(Directions for this task):
Each line of the data that includes the string "with" is to be copied out.

(Data excerpts):
++++++++
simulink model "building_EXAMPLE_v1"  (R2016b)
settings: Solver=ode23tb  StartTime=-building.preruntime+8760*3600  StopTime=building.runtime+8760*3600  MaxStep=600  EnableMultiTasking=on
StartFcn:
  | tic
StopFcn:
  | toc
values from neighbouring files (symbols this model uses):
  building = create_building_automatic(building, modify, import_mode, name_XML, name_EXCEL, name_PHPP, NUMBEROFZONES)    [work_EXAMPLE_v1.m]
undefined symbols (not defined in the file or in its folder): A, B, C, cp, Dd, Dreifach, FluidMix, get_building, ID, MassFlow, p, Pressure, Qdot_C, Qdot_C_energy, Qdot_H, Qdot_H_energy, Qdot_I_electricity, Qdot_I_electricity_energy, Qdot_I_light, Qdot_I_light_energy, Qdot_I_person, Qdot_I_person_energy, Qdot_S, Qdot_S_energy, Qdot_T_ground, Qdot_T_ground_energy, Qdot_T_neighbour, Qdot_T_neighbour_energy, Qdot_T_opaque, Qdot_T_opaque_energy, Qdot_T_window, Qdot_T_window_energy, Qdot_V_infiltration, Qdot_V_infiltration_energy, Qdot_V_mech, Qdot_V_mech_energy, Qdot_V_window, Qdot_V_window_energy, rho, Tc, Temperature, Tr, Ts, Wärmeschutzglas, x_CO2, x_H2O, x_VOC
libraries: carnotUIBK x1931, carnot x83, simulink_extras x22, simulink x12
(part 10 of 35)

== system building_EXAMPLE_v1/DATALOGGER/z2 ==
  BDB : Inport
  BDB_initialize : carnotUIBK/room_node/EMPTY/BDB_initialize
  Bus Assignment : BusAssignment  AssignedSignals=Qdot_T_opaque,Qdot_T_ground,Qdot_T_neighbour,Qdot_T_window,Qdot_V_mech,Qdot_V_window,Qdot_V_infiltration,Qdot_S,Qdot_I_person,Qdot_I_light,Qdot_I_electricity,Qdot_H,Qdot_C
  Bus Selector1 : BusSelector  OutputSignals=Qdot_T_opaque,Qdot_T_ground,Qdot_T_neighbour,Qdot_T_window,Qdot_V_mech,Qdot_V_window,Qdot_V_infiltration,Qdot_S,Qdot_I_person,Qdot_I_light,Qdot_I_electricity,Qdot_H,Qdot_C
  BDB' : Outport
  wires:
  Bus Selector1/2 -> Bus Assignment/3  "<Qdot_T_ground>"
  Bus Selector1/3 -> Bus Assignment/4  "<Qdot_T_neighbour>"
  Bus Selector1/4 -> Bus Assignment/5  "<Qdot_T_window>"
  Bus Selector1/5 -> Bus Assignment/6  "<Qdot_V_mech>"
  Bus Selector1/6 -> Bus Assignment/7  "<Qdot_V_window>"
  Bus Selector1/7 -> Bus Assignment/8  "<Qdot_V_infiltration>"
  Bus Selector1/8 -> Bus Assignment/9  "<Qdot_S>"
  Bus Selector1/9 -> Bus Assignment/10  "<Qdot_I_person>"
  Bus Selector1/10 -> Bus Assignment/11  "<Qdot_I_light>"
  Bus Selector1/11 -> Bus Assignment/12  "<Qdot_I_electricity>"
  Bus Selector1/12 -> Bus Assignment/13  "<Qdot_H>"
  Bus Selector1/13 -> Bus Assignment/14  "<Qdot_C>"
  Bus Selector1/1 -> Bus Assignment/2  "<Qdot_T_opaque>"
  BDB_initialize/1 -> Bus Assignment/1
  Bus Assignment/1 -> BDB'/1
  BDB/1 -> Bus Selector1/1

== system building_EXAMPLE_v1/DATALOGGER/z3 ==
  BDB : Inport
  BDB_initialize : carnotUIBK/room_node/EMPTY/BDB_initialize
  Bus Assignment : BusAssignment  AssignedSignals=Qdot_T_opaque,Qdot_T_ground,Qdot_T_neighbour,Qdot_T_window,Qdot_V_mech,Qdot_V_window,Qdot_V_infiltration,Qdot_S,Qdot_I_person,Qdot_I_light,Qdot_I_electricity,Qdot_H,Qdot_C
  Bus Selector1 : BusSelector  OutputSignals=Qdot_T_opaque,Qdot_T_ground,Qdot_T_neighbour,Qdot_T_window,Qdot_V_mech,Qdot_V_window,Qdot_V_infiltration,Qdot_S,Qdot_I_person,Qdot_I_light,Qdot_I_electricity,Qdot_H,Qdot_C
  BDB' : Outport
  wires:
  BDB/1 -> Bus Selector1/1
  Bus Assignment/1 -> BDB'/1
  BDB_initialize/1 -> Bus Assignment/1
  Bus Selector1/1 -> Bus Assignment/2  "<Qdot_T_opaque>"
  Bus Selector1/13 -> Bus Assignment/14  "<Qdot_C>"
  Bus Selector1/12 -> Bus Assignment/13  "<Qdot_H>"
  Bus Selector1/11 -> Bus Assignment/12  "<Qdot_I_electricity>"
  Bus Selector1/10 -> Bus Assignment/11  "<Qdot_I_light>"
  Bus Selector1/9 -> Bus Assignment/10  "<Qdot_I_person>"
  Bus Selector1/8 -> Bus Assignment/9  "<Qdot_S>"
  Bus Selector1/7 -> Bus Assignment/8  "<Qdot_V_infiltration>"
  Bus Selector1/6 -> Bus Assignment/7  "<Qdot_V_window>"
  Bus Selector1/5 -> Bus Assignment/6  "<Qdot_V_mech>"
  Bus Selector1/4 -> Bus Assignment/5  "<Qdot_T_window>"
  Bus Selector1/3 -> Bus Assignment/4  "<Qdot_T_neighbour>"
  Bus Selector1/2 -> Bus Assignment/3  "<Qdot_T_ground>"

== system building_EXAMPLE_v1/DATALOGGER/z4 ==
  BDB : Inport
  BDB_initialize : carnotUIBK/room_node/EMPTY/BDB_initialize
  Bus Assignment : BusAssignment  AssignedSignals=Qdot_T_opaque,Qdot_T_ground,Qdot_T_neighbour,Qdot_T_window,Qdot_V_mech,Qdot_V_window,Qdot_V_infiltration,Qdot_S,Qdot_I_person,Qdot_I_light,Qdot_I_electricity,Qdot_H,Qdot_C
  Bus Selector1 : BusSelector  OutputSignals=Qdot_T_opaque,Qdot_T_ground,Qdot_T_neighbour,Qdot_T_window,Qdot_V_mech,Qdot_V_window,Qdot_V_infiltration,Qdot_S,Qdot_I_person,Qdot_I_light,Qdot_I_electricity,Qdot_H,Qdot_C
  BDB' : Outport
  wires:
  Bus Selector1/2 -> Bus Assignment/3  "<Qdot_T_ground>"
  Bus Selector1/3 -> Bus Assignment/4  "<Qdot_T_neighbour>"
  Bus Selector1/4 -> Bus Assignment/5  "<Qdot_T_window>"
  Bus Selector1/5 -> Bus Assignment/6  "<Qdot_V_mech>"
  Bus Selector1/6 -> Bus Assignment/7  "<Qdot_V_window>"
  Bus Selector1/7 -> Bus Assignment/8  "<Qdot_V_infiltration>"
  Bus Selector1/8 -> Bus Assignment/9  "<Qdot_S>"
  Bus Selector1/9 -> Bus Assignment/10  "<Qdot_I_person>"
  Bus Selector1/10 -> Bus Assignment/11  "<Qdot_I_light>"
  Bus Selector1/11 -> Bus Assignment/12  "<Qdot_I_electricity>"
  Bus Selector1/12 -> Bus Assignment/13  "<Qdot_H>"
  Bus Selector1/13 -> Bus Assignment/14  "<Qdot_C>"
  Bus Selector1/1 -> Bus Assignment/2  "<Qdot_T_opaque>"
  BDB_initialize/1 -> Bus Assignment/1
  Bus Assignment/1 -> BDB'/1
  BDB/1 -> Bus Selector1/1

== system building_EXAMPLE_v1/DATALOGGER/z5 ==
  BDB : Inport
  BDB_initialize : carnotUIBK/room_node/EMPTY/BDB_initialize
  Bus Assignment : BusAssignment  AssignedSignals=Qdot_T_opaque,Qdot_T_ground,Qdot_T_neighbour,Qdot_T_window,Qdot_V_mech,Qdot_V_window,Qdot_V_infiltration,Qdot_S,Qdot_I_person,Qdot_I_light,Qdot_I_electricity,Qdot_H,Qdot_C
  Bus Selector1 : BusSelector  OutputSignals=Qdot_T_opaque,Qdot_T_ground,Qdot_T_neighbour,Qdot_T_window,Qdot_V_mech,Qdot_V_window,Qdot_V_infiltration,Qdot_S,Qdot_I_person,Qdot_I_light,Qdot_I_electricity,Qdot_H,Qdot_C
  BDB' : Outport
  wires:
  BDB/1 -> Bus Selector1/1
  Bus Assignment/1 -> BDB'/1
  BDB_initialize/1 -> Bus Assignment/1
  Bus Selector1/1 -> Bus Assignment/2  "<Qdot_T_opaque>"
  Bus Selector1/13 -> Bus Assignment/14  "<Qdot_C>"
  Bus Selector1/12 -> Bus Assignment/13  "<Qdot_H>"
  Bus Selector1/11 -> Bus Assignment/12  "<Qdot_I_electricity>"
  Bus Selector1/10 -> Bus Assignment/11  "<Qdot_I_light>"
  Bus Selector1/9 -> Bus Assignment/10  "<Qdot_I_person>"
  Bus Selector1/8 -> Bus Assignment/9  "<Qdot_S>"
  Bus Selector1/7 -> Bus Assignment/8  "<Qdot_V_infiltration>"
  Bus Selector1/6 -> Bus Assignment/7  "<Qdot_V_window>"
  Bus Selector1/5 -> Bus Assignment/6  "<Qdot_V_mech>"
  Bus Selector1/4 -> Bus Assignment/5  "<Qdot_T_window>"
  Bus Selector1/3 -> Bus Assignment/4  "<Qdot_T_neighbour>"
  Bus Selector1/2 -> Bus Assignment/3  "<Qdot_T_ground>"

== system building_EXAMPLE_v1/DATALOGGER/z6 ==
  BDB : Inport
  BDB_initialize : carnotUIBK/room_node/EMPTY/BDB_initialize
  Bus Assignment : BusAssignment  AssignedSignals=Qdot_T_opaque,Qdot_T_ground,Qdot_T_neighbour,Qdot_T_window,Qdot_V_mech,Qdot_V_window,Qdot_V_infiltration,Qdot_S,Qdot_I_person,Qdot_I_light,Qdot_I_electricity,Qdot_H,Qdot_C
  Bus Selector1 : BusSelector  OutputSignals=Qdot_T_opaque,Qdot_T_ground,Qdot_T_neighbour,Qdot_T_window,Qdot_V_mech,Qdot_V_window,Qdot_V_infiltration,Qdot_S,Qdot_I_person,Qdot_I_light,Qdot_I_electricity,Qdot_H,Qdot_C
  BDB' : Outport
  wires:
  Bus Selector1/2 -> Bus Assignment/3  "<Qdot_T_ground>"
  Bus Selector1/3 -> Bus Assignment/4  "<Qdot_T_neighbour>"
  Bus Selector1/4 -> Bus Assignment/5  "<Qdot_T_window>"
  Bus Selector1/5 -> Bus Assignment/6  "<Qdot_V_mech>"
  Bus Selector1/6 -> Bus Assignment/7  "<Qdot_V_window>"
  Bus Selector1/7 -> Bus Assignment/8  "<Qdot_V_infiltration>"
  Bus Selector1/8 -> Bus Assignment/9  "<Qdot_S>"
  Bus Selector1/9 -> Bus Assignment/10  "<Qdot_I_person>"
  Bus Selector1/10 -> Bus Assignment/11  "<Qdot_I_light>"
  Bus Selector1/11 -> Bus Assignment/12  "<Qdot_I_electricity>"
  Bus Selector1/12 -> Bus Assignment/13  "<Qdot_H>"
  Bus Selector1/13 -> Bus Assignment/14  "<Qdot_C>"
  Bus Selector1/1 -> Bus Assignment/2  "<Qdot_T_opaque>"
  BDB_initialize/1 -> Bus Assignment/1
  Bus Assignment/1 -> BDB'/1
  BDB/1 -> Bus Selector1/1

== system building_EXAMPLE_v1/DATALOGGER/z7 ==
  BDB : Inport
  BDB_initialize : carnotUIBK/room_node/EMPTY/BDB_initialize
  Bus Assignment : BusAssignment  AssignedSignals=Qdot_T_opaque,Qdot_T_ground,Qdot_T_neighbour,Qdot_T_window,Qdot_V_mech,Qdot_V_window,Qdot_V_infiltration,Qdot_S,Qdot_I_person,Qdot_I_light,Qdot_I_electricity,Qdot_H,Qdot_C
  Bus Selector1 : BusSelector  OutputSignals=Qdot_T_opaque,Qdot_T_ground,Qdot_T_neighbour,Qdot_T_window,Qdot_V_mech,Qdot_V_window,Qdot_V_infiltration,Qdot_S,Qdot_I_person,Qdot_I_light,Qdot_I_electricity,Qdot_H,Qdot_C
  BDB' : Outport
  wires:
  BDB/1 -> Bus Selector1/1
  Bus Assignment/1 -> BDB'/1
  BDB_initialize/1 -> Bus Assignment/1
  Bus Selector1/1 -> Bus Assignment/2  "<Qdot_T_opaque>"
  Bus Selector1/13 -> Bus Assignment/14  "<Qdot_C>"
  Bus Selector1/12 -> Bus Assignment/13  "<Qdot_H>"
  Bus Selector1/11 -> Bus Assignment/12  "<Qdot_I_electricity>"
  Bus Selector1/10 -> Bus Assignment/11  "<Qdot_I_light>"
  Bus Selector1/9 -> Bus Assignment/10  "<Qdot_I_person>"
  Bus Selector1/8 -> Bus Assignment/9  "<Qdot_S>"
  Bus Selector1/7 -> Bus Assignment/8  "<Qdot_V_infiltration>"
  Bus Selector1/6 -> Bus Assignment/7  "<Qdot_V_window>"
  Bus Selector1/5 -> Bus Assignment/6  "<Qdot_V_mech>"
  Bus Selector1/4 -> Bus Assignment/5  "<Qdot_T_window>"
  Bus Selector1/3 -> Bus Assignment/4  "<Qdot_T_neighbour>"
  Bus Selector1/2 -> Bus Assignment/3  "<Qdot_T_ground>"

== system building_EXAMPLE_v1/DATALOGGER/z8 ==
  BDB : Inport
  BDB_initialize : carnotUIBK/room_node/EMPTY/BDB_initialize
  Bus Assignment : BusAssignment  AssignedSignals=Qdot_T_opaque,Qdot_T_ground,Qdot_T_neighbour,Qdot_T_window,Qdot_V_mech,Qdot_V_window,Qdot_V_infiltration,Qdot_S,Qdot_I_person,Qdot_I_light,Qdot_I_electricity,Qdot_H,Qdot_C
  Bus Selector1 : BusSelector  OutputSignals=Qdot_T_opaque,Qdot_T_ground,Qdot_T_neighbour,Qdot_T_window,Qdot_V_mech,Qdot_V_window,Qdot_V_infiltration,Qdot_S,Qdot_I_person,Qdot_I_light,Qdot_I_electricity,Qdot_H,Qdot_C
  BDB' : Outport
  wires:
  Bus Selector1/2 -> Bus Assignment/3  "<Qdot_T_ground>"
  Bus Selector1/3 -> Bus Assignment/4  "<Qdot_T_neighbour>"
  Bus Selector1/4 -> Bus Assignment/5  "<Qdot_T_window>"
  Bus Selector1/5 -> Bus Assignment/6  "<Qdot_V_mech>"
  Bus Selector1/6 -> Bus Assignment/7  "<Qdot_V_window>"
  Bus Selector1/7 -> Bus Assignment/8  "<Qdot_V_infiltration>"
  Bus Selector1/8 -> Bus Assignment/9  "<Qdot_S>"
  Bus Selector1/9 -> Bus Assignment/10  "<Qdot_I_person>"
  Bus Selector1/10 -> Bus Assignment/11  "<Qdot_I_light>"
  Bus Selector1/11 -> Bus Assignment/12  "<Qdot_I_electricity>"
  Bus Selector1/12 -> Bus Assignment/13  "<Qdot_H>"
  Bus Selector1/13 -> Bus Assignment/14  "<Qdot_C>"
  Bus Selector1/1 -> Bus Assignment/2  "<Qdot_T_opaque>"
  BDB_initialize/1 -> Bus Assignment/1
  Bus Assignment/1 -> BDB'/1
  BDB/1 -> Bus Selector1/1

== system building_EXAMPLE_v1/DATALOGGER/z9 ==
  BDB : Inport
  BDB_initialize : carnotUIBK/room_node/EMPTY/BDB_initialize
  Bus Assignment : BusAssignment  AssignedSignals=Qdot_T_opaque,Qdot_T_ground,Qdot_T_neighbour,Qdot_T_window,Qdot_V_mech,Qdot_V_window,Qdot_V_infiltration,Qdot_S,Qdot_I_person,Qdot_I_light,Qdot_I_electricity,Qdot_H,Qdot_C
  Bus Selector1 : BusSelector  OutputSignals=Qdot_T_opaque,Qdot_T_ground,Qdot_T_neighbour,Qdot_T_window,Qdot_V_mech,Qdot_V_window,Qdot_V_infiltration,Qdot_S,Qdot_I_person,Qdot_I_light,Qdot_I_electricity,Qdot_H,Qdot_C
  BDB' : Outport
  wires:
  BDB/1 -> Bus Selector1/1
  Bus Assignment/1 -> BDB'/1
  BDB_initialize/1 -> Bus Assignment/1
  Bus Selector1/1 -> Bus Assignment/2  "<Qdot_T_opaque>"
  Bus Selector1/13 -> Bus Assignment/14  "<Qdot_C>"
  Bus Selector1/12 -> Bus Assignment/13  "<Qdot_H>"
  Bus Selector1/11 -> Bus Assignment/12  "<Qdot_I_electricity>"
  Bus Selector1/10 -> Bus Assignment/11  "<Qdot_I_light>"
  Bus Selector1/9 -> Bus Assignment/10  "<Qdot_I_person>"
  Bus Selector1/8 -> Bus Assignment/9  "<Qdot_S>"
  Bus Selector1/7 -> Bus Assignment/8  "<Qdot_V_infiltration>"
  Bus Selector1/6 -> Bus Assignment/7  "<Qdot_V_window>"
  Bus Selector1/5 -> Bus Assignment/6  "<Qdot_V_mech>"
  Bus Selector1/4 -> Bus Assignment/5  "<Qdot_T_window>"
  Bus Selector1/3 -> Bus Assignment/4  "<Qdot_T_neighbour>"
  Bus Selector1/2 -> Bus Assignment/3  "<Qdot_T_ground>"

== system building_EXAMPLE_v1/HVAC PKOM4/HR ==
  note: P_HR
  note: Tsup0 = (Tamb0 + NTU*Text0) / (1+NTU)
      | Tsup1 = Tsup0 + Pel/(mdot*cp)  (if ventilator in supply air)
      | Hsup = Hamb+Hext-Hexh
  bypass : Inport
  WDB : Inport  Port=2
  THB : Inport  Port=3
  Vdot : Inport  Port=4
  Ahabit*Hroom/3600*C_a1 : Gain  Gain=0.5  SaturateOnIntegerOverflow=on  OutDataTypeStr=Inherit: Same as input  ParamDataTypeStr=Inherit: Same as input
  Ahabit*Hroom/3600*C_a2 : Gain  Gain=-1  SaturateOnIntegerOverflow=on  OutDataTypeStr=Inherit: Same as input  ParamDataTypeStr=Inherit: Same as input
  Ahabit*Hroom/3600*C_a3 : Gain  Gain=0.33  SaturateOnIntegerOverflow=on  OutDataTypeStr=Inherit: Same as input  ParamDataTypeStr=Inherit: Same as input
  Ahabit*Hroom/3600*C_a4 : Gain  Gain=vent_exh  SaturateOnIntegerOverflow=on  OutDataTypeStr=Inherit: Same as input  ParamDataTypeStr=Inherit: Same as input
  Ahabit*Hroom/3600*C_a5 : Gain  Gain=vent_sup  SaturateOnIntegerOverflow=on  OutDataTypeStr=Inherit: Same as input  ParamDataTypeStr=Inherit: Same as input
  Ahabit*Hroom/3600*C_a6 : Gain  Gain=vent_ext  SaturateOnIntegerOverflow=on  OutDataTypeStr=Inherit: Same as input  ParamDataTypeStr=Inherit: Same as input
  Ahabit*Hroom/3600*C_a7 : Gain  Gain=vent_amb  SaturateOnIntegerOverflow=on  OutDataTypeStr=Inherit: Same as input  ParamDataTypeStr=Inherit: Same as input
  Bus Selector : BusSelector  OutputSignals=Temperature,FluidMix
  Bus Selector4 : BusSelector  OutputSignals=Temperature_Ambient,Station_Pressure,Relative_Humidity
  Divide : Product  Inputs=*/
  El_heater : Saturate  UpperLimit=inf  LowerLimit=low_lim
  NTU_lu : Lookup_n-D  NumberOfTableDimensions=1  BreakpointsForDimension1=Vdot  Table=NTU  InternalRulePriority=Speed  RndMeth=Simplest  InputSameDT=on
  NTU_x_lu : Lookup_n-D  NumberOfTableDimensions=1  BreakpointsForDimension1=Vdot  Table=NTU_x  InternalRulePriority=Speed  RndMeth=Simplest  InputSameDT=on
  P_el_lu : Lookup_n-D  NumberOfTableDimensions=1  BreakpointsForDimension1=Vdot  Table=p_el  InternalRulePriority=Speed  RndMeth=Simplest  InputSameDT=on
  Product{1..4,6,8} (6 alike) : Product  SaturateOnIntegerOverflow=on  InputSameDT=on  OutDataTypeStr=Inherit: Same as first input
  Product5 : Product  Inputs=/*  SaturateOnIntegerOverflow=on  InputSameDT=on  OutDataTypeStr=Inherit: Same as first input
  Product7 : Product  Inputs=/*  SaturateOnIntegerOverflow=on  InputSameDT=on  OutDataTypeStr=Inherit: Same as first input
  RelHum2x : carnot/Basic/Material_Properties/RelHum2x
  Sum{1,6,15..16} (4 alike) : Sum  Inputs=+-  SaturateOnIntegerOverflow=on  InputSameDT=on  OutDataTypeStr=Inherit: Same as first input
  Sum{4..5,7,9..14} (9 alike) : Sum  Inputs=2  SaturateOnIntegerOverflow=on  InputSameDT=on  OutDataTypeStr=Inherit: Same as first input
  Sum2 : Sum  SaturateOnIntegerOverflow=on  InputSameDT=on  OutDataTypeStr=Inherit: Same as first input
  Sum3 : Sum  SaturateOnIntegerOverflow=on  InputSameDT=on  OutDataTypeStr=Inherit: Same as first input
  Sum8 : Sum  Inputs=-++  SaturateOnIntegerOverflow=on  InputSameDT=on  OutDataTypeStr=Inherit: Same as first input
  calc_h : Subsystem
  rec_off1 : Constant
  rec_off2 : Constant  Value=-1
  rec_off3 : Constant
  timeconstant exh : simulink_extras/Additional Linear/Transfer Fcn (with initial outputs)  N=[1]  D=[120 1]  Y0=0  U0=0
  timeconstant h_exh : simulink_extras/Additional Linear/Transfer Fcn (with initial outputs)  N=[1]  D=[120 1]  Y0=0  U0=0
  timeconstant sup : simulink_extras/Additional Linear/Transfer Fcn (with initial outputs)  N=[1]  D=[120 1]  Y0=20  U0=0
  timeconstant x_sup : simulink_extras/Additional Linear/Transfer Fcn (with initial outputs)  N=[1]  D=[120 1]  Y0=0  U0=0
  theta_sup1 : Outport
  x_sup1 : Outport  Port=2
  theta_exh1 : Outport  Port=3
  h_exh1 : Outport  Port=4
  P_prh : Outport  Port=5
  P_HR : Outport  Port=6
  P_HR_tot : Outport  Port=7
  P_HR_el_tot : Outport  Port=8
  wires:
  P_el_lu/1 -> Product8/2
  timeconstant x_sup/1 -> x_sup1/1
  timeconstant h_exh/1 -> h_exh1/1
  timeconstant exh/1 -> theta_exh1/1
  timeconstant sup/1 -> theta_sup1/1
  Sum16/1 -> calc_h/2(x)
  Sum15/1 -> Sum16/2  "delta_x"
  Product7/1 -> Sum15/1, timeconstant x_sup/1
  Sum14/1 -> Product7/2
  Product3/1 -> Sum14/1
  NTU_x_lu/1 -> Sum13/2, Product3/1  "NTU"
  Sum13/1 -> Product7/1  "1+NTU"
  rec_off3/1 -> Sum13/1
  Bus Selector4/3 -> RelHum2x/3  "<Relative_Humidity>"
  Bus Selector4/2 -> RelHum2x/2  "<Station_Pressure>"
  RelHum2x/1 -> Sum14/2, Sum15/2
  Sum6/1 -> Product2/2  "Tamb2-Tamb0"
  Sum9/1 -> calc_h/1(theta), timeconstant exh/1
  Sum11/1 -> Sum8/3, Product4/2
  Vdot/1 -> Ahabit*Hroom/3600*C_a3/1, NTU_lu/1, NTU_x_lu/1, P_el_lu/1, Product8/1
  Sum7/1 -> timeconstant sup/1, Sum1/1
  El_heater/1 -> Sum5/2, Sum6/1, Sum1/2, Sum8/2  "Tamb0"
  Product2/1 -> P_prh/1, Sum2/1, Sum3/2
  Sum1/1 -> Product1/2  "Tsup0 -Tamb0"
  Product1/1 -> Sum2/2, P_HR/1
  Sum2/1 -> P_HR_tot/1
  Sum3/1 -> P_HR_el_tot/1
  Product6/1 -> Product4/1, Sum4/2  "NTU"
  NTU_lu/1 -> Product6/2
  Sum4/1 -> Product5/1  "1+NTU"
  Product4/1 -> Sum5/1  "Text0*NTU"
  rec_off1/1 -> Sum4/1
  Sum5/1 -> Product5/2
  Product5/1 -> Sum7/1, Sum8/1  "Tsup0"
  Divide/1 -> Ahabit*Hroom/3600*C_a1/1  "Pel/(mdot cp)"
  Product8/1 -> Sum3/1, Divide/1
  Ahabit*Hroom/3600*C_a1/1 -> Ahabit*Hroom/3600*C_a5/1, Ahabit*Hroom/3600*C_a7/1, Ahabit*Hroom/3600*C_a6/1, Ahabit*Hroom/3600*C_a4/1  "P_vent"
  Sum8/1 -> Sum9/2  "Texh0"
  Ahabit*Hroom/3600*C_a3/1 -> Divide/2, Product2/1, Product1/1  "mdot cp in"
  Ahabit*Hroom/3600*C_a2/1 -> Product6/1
++++++++
(Answer below):
  timeconstant exh : simulink_extras/Additional Linear/Transfer Fcn (with initial outputs)  N=[1]  D=[120 1]  Y0=0  U0=0
  timeconstant h_exh : simulink_extras/Additional Linear/Transfer Fcn (with initial outputs)  N=[1]  D=[120 1]  Y0=0  U0=0
  timeconstant sup : simulink_extras/Additional Linear/Transfer Fcn (with initial outputs)  N=[1]  D=[120 1]  Y0=20  U0=0
  timeconstant x_sup : simulink_extras/Additional Linear/Transfer Fcn (with initial outputs)  N=[1]  D=[120 1]  Y0=0  U0=0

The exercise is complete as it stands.